WHAT YOU HAVE TO DO: State how many lines in this listing include the word "ezdxf", and nothing else.

SUPPLIED MATERIAL:

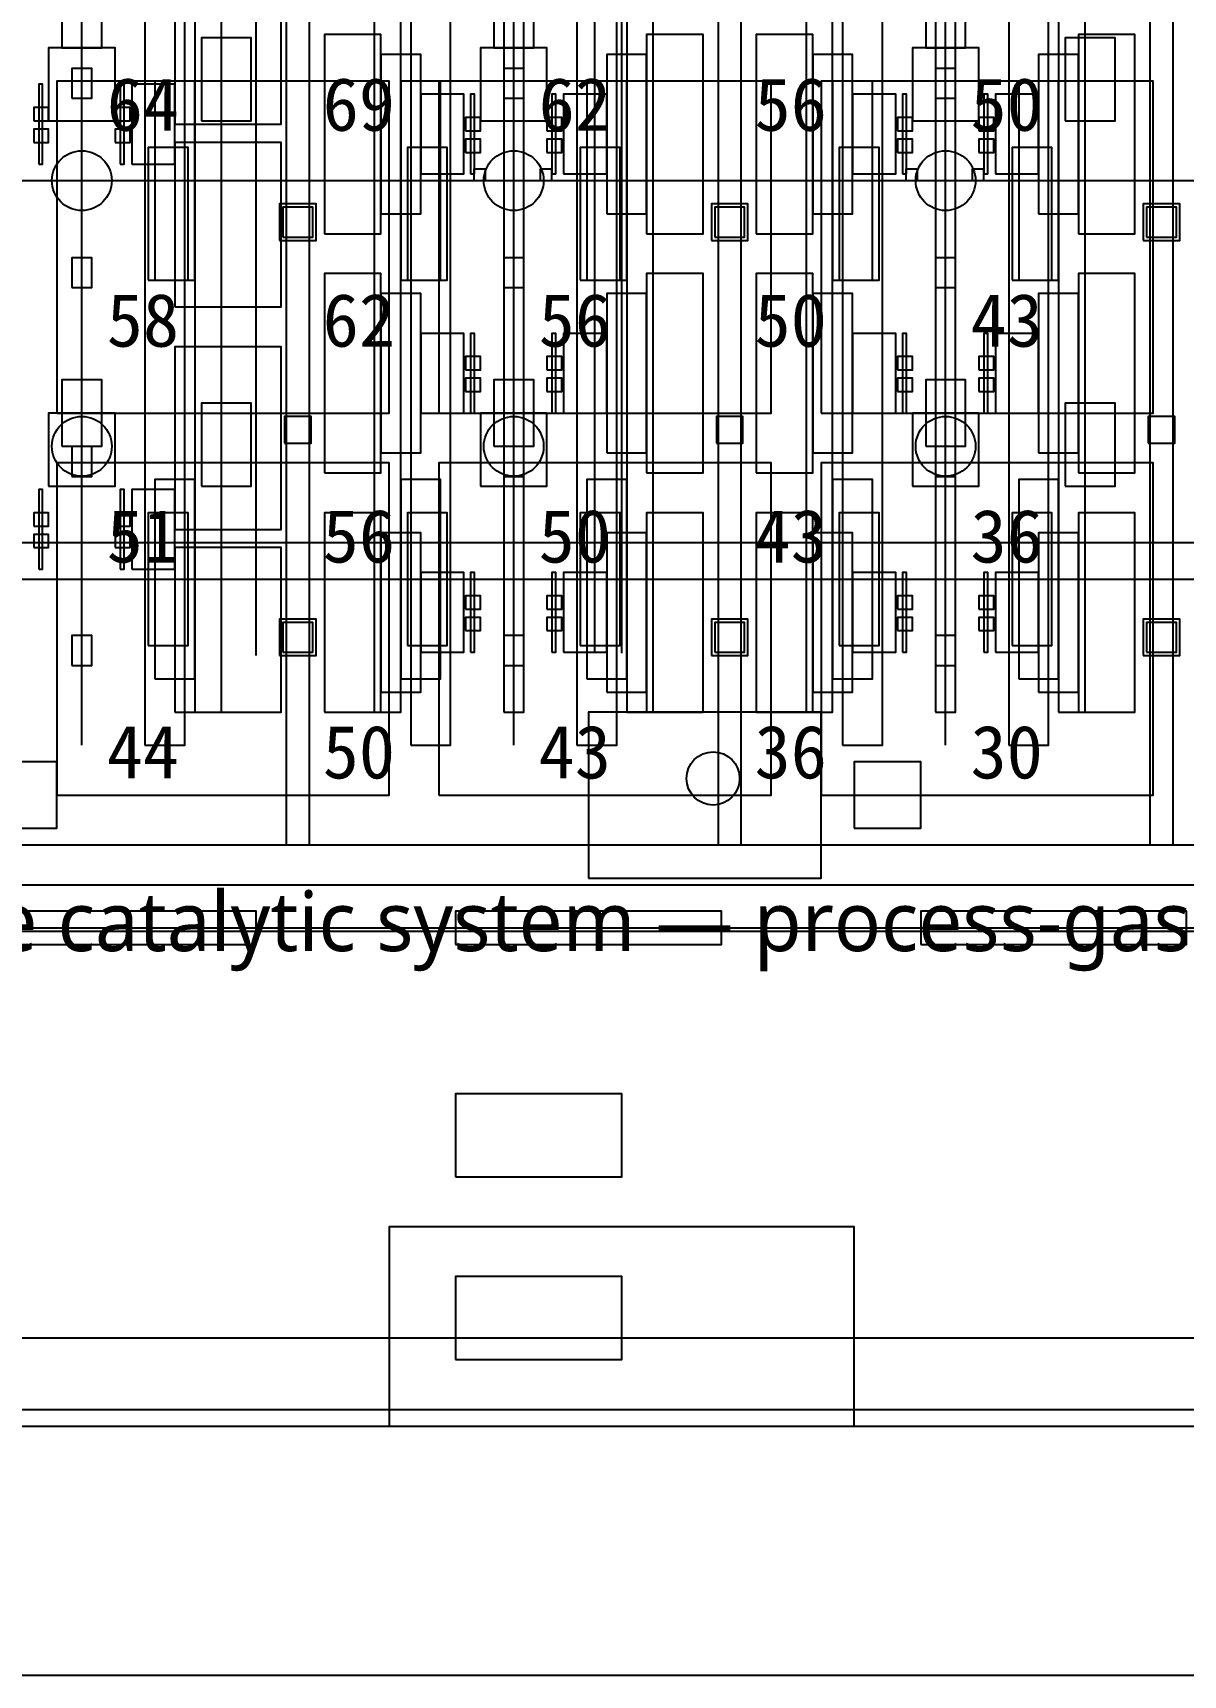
# Model space of a CAD drawing. Header units: metres. Extents: x -1640 to 1560, y -268 to 2338.
# Drawn here: x 132.28 to 166.9, y 862 to 911.45 of the extents above; entities that cross this region are included whole.
import ezdxf

# ---------------------------------------------------------------- set-up
doc = ezdxf.new("R2010")
doc.units = ezdxf.units.M
for name, color, linetype in [('1F_CDS', 5, 'Continuous'), ('1F_CHL', 4, 'Continuous'), ('1F_EHS_GAS_DETECTOR', 6, 'Continuous'), ('1F_EHS_SAFETY_SHOWER_EYEWASH_CONCEPT', 3, 'Continuous'), ('1F_PUMP', 2, 'Continuous'), ('1F_SCR', 3, 'Continuous'), ('1F_STRUCT_COLUMN', 8, 'Continuous'), ('1F_ZONE', 3, 'Continuous'), ('2F_CSF_LATERAL_RACK_CONCEPT', 9, 'Continuous'), ('2F_EHS_GAS_DETECTOR', 6, 'Continuous'), ('2F_RFG', 5, 'Continuous'), ('2F_STRUCT_COLUMN', 8, 'Continuous'), ('2F_VMB', 6, 'Continuous'), ('2F_ZONE', 3, 'Continuous'), ('3F_CLEANROOM_OVERHEAD_PIPE_DUCT_CONCEPT', 9, 'Continuous'), ('3F_EHS_EGRESS_DIST_M', 2, 'Continuous'), ('3F_ETCH', 2, 'Continuous'), ('3F_FOUP', 5, 'Continuous'), ('3F_OHT', 9, 'Continuous'), ('3F_OHTV', 1, 'Continuous'), ('3F_PHOTO', 1, 'Continuous'), ('3F_STRUCT_COLUMN', 8, 'Continuous'), ('3F_TBAR', 6, 'Continuous'), ('3F_ZONE', 3, 'Continuous'), ('4F_DCC', 3, 'Continuous'), ('4F_FFU', 1, 'Continuous'), ('4F_MAU', 2, 'Continuous'), ('4F_STRUCT_PLENUM_TRUSS_CONCEPT', 9, 'Continuous'), ('4F_ZONE', 3, 'Continuous'), ('5F_CDS', 5, 'Continuous'), ('5F_CHL', 4, 'Continuous'), ('5F_EHS_GAS_DETECTOR', 6, 'Continuous'), ('5F_EHS_SAFETY_SHOWER_EYEWASH_CONCEPT', 3, 'Continuous'), ('5F_PUMP', 2, 'Continuous'), ('5F_SCR', 3, 'Continuous'), ('5F_STRUCT_COLUMN', 8, 'Continuous'), ('5F_ZONE', 3, 'Continuous'), ('6F_CSF_LATERAL_RACK_CONCEPT', 9, 'Continuous'), ('6F_EHS_GAS_DETECTOR', 6, 'Continuous'), ('6F_RFG', 5, 'Continuous'), ('6F_STRUCT_COLUMN', 8, 'Continuous'), ('6F_VMB', 6, 'Continuous'), ('6F_ZONE', 3, 'Continuous'), ('7F_CLEANROOM_OVERHEAD_PIPE_DUCT_CONCEPT', 9, 'Continuous'), ('7F_EHS_EGRESS_DIST_M', 2, 'Continuous'), ('7F_ETCH', 2, 'Continuous'), ('7F_FOUP', 5, 'Continuous'), ('7F_OHT', 9, 'Continuous'), ('7F_OHTV', 1, 'Continuous'), ('7F_PHOTO', 1, 'Continuous'), ('7F_STRUCT_COLUMN', 8, 'Continuous'), ('7F_TBAR', 6, 'Continuous'), ('7F_ZONE', 3, 'Continuous'), ('8F_DCC', 3, 'Continuous'), ('8F_FFU', 1, 'Continuous'), ('8F_MAU', 2, 'Continuous'), ('8F_STRUCT_PLENUM_TRUSS_CONCEPT', 9, 'Continuous'), ('8F_ZONE', 3, 'Continuous'), ('EHS_GAS_SUPPLY', 3, 'Continuous'), ('EHS_PROCESS_EXHAUST', 1, 'Continuous'), ('EHS_TREATED_EXHAUST', 30, 'Continuous'), ('OUTLINE', 7, 'Continuous'), ('RF_RSC', 4, 'Continuous'), ('RF_STACK', 2, 'Continuous'), ('UTIL_CHEM_CONCEPT', 6, 'Continuous'), ('UTIL_CHW.R_CONCEPT', 2, 'Continuous'), ('UTIL_CHW.S_CONCEPT', 1, 'Continuous'), ('UTIL_ELEC.LV_CONCEPT', 2, 'Continuous'), ('UTIL_EXH.ACID_CONCEPT', 4, 'Continuous'), ('UTIL_EXH.ALK_CONCEPT', 5, 'Continuous'), ('UTIL_GAS.SPEC_CONCEPT', 3, 'Continuous'), ('UTIL_PCW.R_CONCEPT', 1, 'Continuous'), ('UTIL_PCW.S_CONCEPT', 6, 'Continuous'), ('UTIL_TEXT', 7, 'Continuous'), ('UTIL_UPW.R_CONCEPT', 2, 'Continuous'), ('UTIL_UPW.S_CONCEPT', 1, 'Continuous')]:
    doc.layers.add(name, color=color, linetype=linetype)
doc.styles.add('KO', font='malgun.ttf')

msp = doc.modelspace()

# ---------------------------------------------------------------- linework, layer by layer
at = {"layer": '1F_CDS'}
for points in [[(145, 877), (150, 877), (150, 879.5), (145, 879.5)], [(145, 871.5), (150, 871.5), (150, 874), (145, 874)]]:
    msp.add_lwpolyline(points, close=True, dxfattribs=at)
at = {"layer": '1F_CHL'}
for points in [[(137.35, 908.8), (138.85, 908.8), (138.85, 911.3), (137.35, 911.3)], [(163.35, 908.8), (164.85, 908.8), (164.85, 911.3), (163.35, 911.3)], [(137.35, 897.8), (138.85, 897.8), (138.85, 900.3), (137.35, 900.3)], [(163.35, 897.8), (164.85, 897.8), (164.85, 900.3), (163.35, 900.3)]]:
    msp.add_lwpolyline(points, close=True, dxfattribs=at)
at = {"layer": '1F_EHS_GAS_DETECTOR'}
for centre in [(133.75, 899), (146.75, 899), (159.75, 899)]:
    msp.add_circle(centre, 0.9, dxfattribs=at)
at = {"layer": '1F_EHS_SAFETY_SHOWER_EYEWASH_CONCEPT'}
msp.add_circle((152.75, 889), 0.8, dxfattribs=at)
at = {"layer": '1F_PUMP'}
for points in [[(135.75, 904), (136.95, 904), (136.95, 908), (135.75, 908)], [(143.55, 904), (144.75, 904), (144.75, 908), (143.55, 908)], [(148.75, 904), (149.95, 904), (149.95, 908), (148.75, 908)], [(156.55, 904), (157.75, 904), (157.75, 908), (156.55, 908)], [(161.75, 904), (162.95, 904), (162.95, 908), (161.75, 908)], [(135.75, 893), (136.95, 893), (136.95, 897), (135.75, 897)], [(143.55, 893), (144.75, 893), (144.75, 897), (143.55, 897)], [(148.75, 893), (149.95, 893), (149.95, 897), (148.75, 897)], [(156.55, 893), (157.75, 893), (157.75, 897), (156.55, 897)], [(161.75, 893), (162.95, 893), (162.95, 897), (161.75, 897)]]:
    msp.add_lwpolyline(points, close=True, dxfattribs=at)
at = {"layer": '1F_SCR'}
for points in [[(132.75, 908.8), (134.75, 908.8), (134.75, 911), (132.75, 911)], [(145.75, 908.8), (147.75, 908.8), (147.75, 911), (145.75, 911)], [(158.75, 908.8), (160.75, 908.8), (160.75, 911), (158.75, 911)], [(132.75, 897.8), (134.75, 897.8), (134.75, 900), (132.75, 900)], [(145.75, 897.8), (147.75, 897.8), (147.75, 900), (145.75, 900)], [(158.75, 897.8), (160.75, 897.8), (160.75, 900), (158.75, 900)]]:
    msp.add_lwpolyline(points, close=True, dxfattribs=at)
at = {"layer": '1F_STRUCT_COLUMN'}
for points in [[(139.7, 905.2), (140.8, 905.2), (140.8, 906.3), (139.7, 906.3)], [(152.7, 905.2), (153.8, 905.2), (153.8, 906.3), (152.7, 906.3)], [(165.7, 905.2), (166.8, 905.2), (166.8, 906.3), (165.7, 906.3)], [(139.7, 892.7), (140.8, 892.7), (140.8, 893.8), (139.7, 893.8)], [(152.7, 892.7), (153.8, 892.7), (153.8, 893.8), (152.7, 893.8)], [(165.7, 892.7), (166.8, 892.7), (166.8, 893.8), (165.7, 893.8)]]:
    msp.add_lwpolyline(points, close=True, dxfattribs=at)
at = {"layer": '1F_ZONE'}
msp.add_lwpolyline([(16.5, 887), (290, 887), (290, 1045), (16.5, 1045)], close=True, dxfattribs=at)
at = {"layer": '2F_CSF_LATERAL_RACK_CONCEPT'}
for points in [[(137.15, 891), (137.95, 891), (137.95, 1041), (137.15, 1041)], [(142.55, 891), (143.35, 891), (143.35, 1041), (142.55, 1041)], [(150.15, 891), (150.95, 891), (150.95, 1041), (150.15, 1041)], [(155.55, 891), (156.35, 891), (156.35, 1041), (155.55, 1041)], [(163.15, 891), (163.95, 891), (163.95, 1041), (163.15, 1041)]]:
    msp.add_lwpolyline(points, close=True, dxfattribs=at)
at = {"layer": '2F_EHS_GAS_DETECTOR'}
for centre in [(133.75, 907), (146.75, 907), (159.75, 907)]:
    msp.add_circle(centre, 0.9, dxfattribs=at)
at = {"layer": '2F_RFG'}
for points in [[(135.95, 904), (137.15, 904), (137.15, 910), (135.95, 910)], [(143.35, 904), (144.55, 904), (144.55, 910), (143.35, 910)], [(148.95, 904), (150.15, 904), (150.15, 910), (148.95, 910)], [(156.35, 904), (157.55, 904), (157.55, 910), (156.35, 910)], [(161.95, 904), (163.15, 904), (163.15, 910), (161.95, 910)], [(135.95, 892), (137.15, 892), (137.15, 898), (135.95, 898)], [(143.35, 892), (144.55, 892), (144.55, 898), (143.35, 898)], [(148.95, 892), (150.15, 892), (150.15, 898), (148.95, 898)], [(156.35, 892), (157.55, 892), (157.55, 898), (156.35, 898)], [(161.95, 892), (163.15, 892), (163.15, 898), (161.95, 898)]]:
    msp.add_lwpolyline(points, close=True, dxfattribs=at)
at = {"layer": '2F_STRUCT_COLUMN'}
for points in [[(139.8, 905.3), (140.7, 905.3), (140.7, 906.2), (139.8, 906.2)], [(152.8, 905.3), (153.7, 905.3), (153.7, 906.2), (152.8, 906.2)], [(165.8, 905.3), (166.7, 905.3), (166.7, 906.2), (165.8, 906.2)], [(139.8, 892.8), (140.7, 892.8), (140.7, 893.7), (139.8, 893.7)], [(152.8, 892.8), (153.7, 892.8), (153.7, 893.7), (152.8, 893.7)], [(165.8, 892.8), (166.7, 892.8), (166.7, 893.7), (165.8, 893.7)]]:
    msp.add_lwpolyline(points, close=True, dxfattribs=at)
at = {"layer": '2F_VMB'}
for points in [[(133.15, 911), (134.35, 911), (134.35, 913), (133.15, 913)], [(146.15, 911), (147.35, 911), (147.35, 913), (146.15, 913)], [(159.15, 911), (160.35, 911), (160.35, 913), (159.15, 913)], [(133.15, 899), (134.35, 899), (134.35, 901), (133.15, 901)], [(146.15, 899), (147.35, 899), (147.35, 901), (146.15, 901)], [(159.15, 899), (160.35, 899), (160.35, 901), (159.15, 901)]]:
    msp.add_lwpolyline(points, close=True, dxfattribs=at)
at = {"layer": '2F_ZONE'}
msp.add_lwpolyline([(16.5, 887), (290, 887), (290, 1045), (16.5, 1045)], close=True, dxfattribs=at)
at = {"layer": '3F_CLEANROOM_OVERHEAD_PIPE_DUCT_CONCEPT'}
for points in [[(135.65, 890), (136.85, 890), (136.85, 1042), (135.65, 1042)], [(143.65, 890), (144.85, 890), (144.85, 1042), (143.65, 1042)], [(148.65, 890), (149.85, 890), (149.85, 1042), (148.65, 1042)], [(156.65, 890), (157.85, 890), (157.85, 1042), (156.65, 1042)], [(161.65, 890), (162.85, 890), (162.85, 1042), (161.65, 1042)]]:
    msp.add_lwpolyline(points, close=True, dxfattribs=at)
at = {"layer": '3F_ETCH'}
for points in [[(141.05, 905.4), (142.75, 905.4), (142.75, 911.4), (141.05, 911.4)], [(150.75, 905.4), (152.45, 905.4), (152.45, 911.4), (150.75, 911.4)], [(154.05, 905.4), (155.75, 905.4), (155.75, 911.4), (154.05, 911.4)], [(163.75, 905.4), (165.45, 905.4), (165.45, 911.4), (163.75, 911.4)], [(142.75, 906), (143.95, 906), (143.95, 910.8), (142.75, 910.8)], [(149.55, 906), (150.75, 906), (150.75, 910.8), (149.55, 910.8)], [(155.75, 906), (156.95, 906), (156.95, 910.8), (155.75, 910.8)], [(162.55, 906), (163.75, 906), (163.75, 910.8), (162.55, 910.8)], [(143.95, 907.2), (145.25, 907.2), (145.25, 909.6), (143.95, 909.6)], [(148.25, 907.2), (149.55, 907.2), (149.55, 909.6), (148.25, 909.6)], [(156.95, 907.2), (158.25, 907.2), (158.25, 909.6), (156.95, 909.6)], [(161.25, 907.2), (162.55, 907.2), (162.55, 909.6), (161.25, 909.6)], [(141.05, 898.2), (142.75, 898.2), (142.75, 904.2), (141.05, 904.2)], [(150.75, 898.2), (152.45, 898.2), (152.45, 904.2), (150.75, 904.2)], [(154.05, 898.2), (155.75, 898.2), (155.75, 904.2), (154.05, 904.2)], [(163.75, 898.2), (165.45, 898.2), (165.45, 904.2), (163.75, 904.2)], [(142.75, 898.8), (143.95, 898.8), (143.95, 903.6), (142.75, 903.6)], [(149.55, 898.8), (150.75, 898.8), (150.75, 903.6), (149.55, 903.6)], [(155.75, 898.8), (156.95, 898.8), (156.95, 903.6), (155.75, 903.6)], [(162.55, 898.8), (163.75, 898.8), (163.75, 903.6), (162.55, 903.6)], [(143.95, 900), (145.25, 900), (145.25, 902.4), (143.95, 902.4)], [(148.25, 900), (149.55, 900), (149.55, 902.4), (148.25, 902.4)], [(156.95, 900), (158.25, 900), (158.25, 902.4), (156.95, 902.4)], [(161.25, 900), (162.55, 900), (162.55, 902.4), (161.25, 902.4)], [(141.05, 891), (142.75, 891), (142.75, 897), (141.05, 897)], [(150.75, 891), (152.45, 891), (152.45, 897), (150.75, 897)], [(154.05, 891), (155.75, 891), (155.75, 897), (154.05, 897)], [(163.75, 891), (165.45, 891), (165.45, 897), (163.75, 897)], [(142.75, 891.6), (143.95, 891.6), (143.95, 896.4), (142.75, 896.4)], [(149.55, 891.6), (150.75, 891.6), (150.75, 896.4), (149.55, 896.4)], [(155.75, 891.6), (156.95, 891.6), (156.95, 896.4), (155.75, 896.4)], [(162.55, 891.6), (163.75, 891.6), (163.75, 896.4), (162.55, 896.4)], [(143.95, 892.8), (145.25, 892.8), (145.25, 895.2), (143.95, 895.2)], [(148.25, 892.8), (149.55, 892.8), (149.55, 895.2), (148.25, 895.2)], [(156.95, 892.8), (158.25, 892.8), (158.25, 895.2), (156.95, 895.2)], [(161.25, 892.8), (162.55, 892.8), (162.55, 895.2), (161.25, 895.2)]]:
    msp.add_lwpolyline(points, close=True, dxfattribs=at)
at = {"layer": '3F_FOUP'}
for points in [[(132.3, 908.8), (132.75, 908.8), (132.75, 909.2), (132.3, 909.2)], [(134.75, 908.8), (135.2, 908.8), (135.2, 909.2), (134.75, 909.2)], [(145.3, 908.5), (145.75, 908.5), (145.75, 908.9), (145.3, 908.9)], [(147.75, 908.5), (148.2, 908.5), (148.2, 908.9), (147.75, 908.9)], [(158.3, 908.5), (158.75, 908.5), (158.75, 908.9), (158.3, 908.9)], [(160.75, 908.5), (161.2, 908.5), (161.2, 908.9), (160.75, 908.9)], [(132.3, 908.15), (132.75, 908.15), (132.75, 908.55), (132.3, 908.55)], [(134.75, 908.15), (135.2, 908.15), (135.2, 908.55), (134.75, 908.55)], [(145.3, 907.85), (145.75, 907.85), (145.75, 908.25), (145.3, 908.25)], [(147.75, 907.85), (148.2, 907.85), (148.2, 908.25), (147.75, 908.25)], [(158.3, 907.85), (158.75, 907.85), (158.75, 908.25), (158.3, 908.25)], [(160.75, 907.85), (161.2, 907.85), (161.2, 908.25), (160.75, 908.25)], [(145.3, 901.3), (145.75, 901.3), (145.75, 901.7), (145.3, 901.7)], [(147.75, 901.3), (148.2, 901.3), (148.2, 901.7), (147.75, 901.7)], [(158.3, 901.3), (158.75, 901.3), (158.75, 901.7), (158.3, 901.7)], [(160.75, 901.3), (161.2, 901.3), (161.2, 901.7), (160.75, 901.7)], [(145.3, 900.65), (145.75, 900.65), (145.75, 901.05), (145.3, 901.05)], [(147.75, 900.65), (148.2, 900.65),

SOLUTION FOR THIS TASK: 3